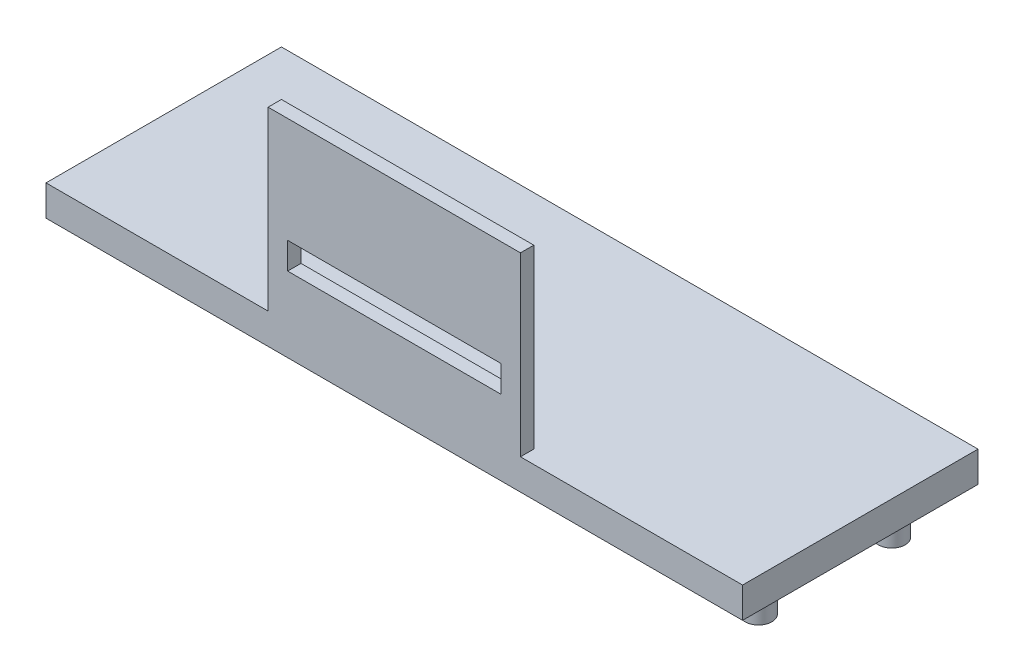
SolidWorks part; units mm, degrees
ref_plane "Front Plane" through (0, 0, 0) normal (0, 0, 1) x (1, 0, 0)
ref_plane "Top Plane" through (0, 0, 0) normal (0, 1, 0) x (1, 0, 0)
ref_plane "Right Plane" through (0, 0, 0) normal (1, 0, 0) x (0, 0, -1)
sketch "Sketch1" plane through (0, 0, 0) normal (0, 0, 1) x (1, 0, 0)
  line L1 (-34.4295, 14.9758) -> (22.3784, 14.9758)
  line L2 (-34.4295, 14.9758) -> (-34.4295, -39.2905)
  line L3 (-34.4295, -39.2905) -> (22.3784, -39.2905)
  line L4 (22.3784, 14.9758) -> (22.3784, -39.2905)
extrude "Boss-Extrude2" add sketch "Sketch1" against normal blind 3 contours L1 L4 L3 L2
sketch "Sketch2" plane through (0, 0, 0) normal (0, 0, 1) x (1, 0, 0)
  line L0 (-6.5412, 5.2671) -> (-26.1412, 5.2671) construction
  line L1 (-34.4295, 14.9758) -> (22.3784, 14.9758)
  line L2 (-34.4295, 14.9758) -> (-34.4295, -40.3108)
  line L3 (-34.4295, -40.3108) -> (22.3784, -40.3108)
  line L4 (22.3784, 14.9758) -> (22.3784, -40.3108)
  line L5 (-26.1412, 5.2671) -> (-26.1412, -15.4472) construction
  circle A0 centre (-26.1412, 5.2671) radius 4.25
  circle A1 centre (-6.5412, 5.2671) radius 4.25
  circle A2 centre (13.0588, 5.2671) radius 4.25
  circle A3 centre (-26.1412, -29.5829) radius 4.25
  circle A4 centre (-6.5412, -29.5829) radius 4.25
  circle A5 centre (13.0588, -29.5829) radius 4.25
  point P8 (-21.8912, 5.2671)
  point P9 (-10.7912, 5.2671)
  point P11 (8.8088, 5.2671)
  point P14 (8.8088, 5.2671)
  point P17 (-2.2912, 5.2671)
  point P21 (-26.1412, 1.0171)
  point P22 (-26.1412, -25.3329)
  point P25 (-26.1412, 9.5171)
  point P28 (-26.1412, -33.8329)
  dimension "D1" = 8.5
  dimension "D2" = 8.5
  dimension "D5" = 8.5
  dimension "D3" = 11.1
  dimension "D4" = 11.1
  dimension "D6" = 43.35
extrude "Boss-Extrude3" add sketch "Sketch2" along normal blind 12 contours A2 | A1 | A0 | A3 | A4 | A5
sketch "Sketch3" plane through (0, 0, 0) normal (0, 0, 1) x (1, 0, 0)
  line L0 (-6.0255, 14.9758) -> (-6.0255, -27.1984) construction
  line L1 (-30.0255, -8.7837) -> (17.9745, -8.7837)
  line L2 (-30.0255, -8.7837) -> (-30.0255, -14.7837)
  line L3 (-30.0255, -14.7837) -> (17.9745, -14.7837)
  line L4 (17.9745, -8.7837) -> (17.9745, -14.7837)
  dimension "D1" = 48
  dimension "D2" = 6
extrude "Cut-Extrude1" cut sketch "Sketch3" against normal blind 10
sketch "Sketch4" plane through (0, 0, -3) normal (0, 0, -1) x (-1, 0, 0)
  line L5 (-22.3784, -24.7837) -> (34.4295, -24.7837)
  line L6 (-22.3784, -24.7837) -> (-22.3784, -31.6729)
  line L7 (-22.3784, -31.6729) -> (34.4295, -31.6729)
  line L8 (34.4295, -24.7837) -> (34.4295, -31.6729)
  line L10 (30.0255, -14.7837) -> (-17.9745, -14.7837) construction
  line L11 (30.0255, -14.7837) -> (-17.9745, -14.7837)
  line M16 (34.4295, -39.2905) -> (34.4295, 14.9758)
  line M18 (-22.3784, 14.9758) -> (-22.3784, -39.2905)
  dimension "D1" = 10
extrude "Boss-Extrude4" add sketch "Sketch4" along normal blind 50 contours L7 L5 M18 M16
sketch "Sketch5" plane through (22.3784, 0, 0) normal (1, 0, 0) x (0, 0, -1)
  line L0 (0, -25.3329) -> (0, -33.8329) construction
  line L1 (53, -24.7837) -> (0, -24.7837)
  line L2 (53, -24.7837) -> (53, -31.6729)
  line L3 (53, -31.6729) -> (0, -31.6729)
  line L4 (0, -24.7837) -> (0, -31.6729)
extrude "Boss-Extrude5" add sketch "Sketch5" along normal blind 50
sketch "Sketch8" plane through (-34.4295, 0, 0) normal (-1, 0, 0) x (0, 0, 1)
  line L0 (0, 14.9758) -> (0, -39.2905) construction
  line L1 (-53, -31.6729) -> (0, -31.6729)
  line L2 (-53, -31.6729) -> (-53, -24.7837)
  line L3 (-53, -24.7837) -> (0, -24.7837)
  line L4 (0, -31.6729) -> (0, -24.7837)
  line L9 (-53, -24.7837) -> (-3, -24.7837) construction
extrude "Boss-Extrude6" add sketch "Sketch8" along normal blind 50
sketch "Sketch9" plane through (0, 0, 0) normal (0, 0, 1) x (1, 0, 0)
  line L1 (-42.3992, 17.1356) -> (26.4683, 17.1356)
  line L2 (-42.3992, 17.1356) -> (-42.3992, -43.1963)
  line L3 (-42.3992, -43.1963) -> (26.4683, -43.1963)
  line L4 (26.4683, 17.1356) -> (26.4683, -43.1963)
extrude "Cut-Extrude2" cut sketch "Sketch9" along normal blind 26
sketch "Sketch10" plane through (0, -31.6729, 0) normal (0, -1, 0) x (1, 0, 0)
  line L1 (-79.7429, 12.89) -> (50.1355, 12.89)
  line L2 (-79.7429, 12.89) -> (-79.7429, -40.8461)
  line L3 (-79.7429, -40.8461) -> (50.1355, -40.8461)
  line L4 (50.1355, 12.89) -> (50.1355, -40.8461)
extrude "Cut-Extrude3" cut sketch "Sketch10" along normal blind 22
sketch "Sketch11" plane through (0, -24.7837, 0) normal (0, 1, 0) x (1, 0, 0)
  line L1 (72.3784, 53) -> (-84.4295, 53) construction
  line L2 (-75.0255, 43) -> (-75.0255, 0) construction
  line L3 (-84.4295, 0) -> (-34.4295, 0) construction
  line L4 (-6.0255, 53) -> (-6.0255, 0) construction
  line L5 (-34.4295, 0) -> (22.3784, 0) construction
  circle A0 centre (-75.0255, 43) radius 3
  circle A1 centre (-75.0255, 13) radius 3
  circle A2 centre (62.9745, 13) radius 3
  circle A3 centre (62.9745, 43) radius 3
  dimension "D1" = 6
  dimension "D5" = 6
  dimension "D2" = 138
  dimension "D3" = 10
  dimension "D4" = 30
extrude "Boss-Extrude7" add sketch "Sketch11" against normal blind 10 from surface at -6.8892 starting at face at (-6.0255, -31.6729, -26.5)
#####
- Exercise instructions -
Retype only this portion of the data above: the line containing "point P22 (-26.1412, -25.3329)", the line containing "line L7 (-22.3784, -31.6729)", and all lines between them, exactly.

- Answer to this problem -
  point P22 (-26.1412, -25.3329)
  point P25 (-26.1412, 9.5171)
  point P28 (-26.1412, -33.8329)
  dimension "D1" = 8.5
  dimension "D2" = 8.5
  dimension "D5" = 8.5
  dimension "D3" = 11.1
  dimension "D4" = 11.1
  dimension "D6" = 43.35
extrude "Boss-Extrude3" add sketch "Sketch2" along normal blind 12 contours A2 | A1 | A0 | A3 | A4 | A5
sketch "Sketch3" plane through (0, 0, 0) normal (0, 0, 1) x (1, 0, 0)
  line L0 (-6.0255, 14.9758) -> (-6.0255, -27.1984) construction
  line L1 (-30.0255, -8.7837) -> (17.9745, -8.7837)
  line L2 (-30.0255, -8.7837) -> (-30.0255, -14.7837)
  line L3 (-30.0255, -14.7837) -> (17.9745, -14.7837)
  line L4 (17.9745, -8.7837) -> (17.9745, -14.7837)
  dimension "D1" = 48
  dimension "D2" = 6
extrude "Cut-Extrude1" cut sketch "Sketch3" against normal blind 10
sketch "Sketch4" plane through (0, 0, -3) normal (0, 0, -1) x (-1, 0, 0)
  line L5 (-22.3784, -24.7837) -> (34.4295, -24.7837)
  line L6 (-22.3784, -24.7837) -> (-22.3784, -31.6729)
  line L7 (-22.3784, -31.6729) -> (34.4295, -31.6729)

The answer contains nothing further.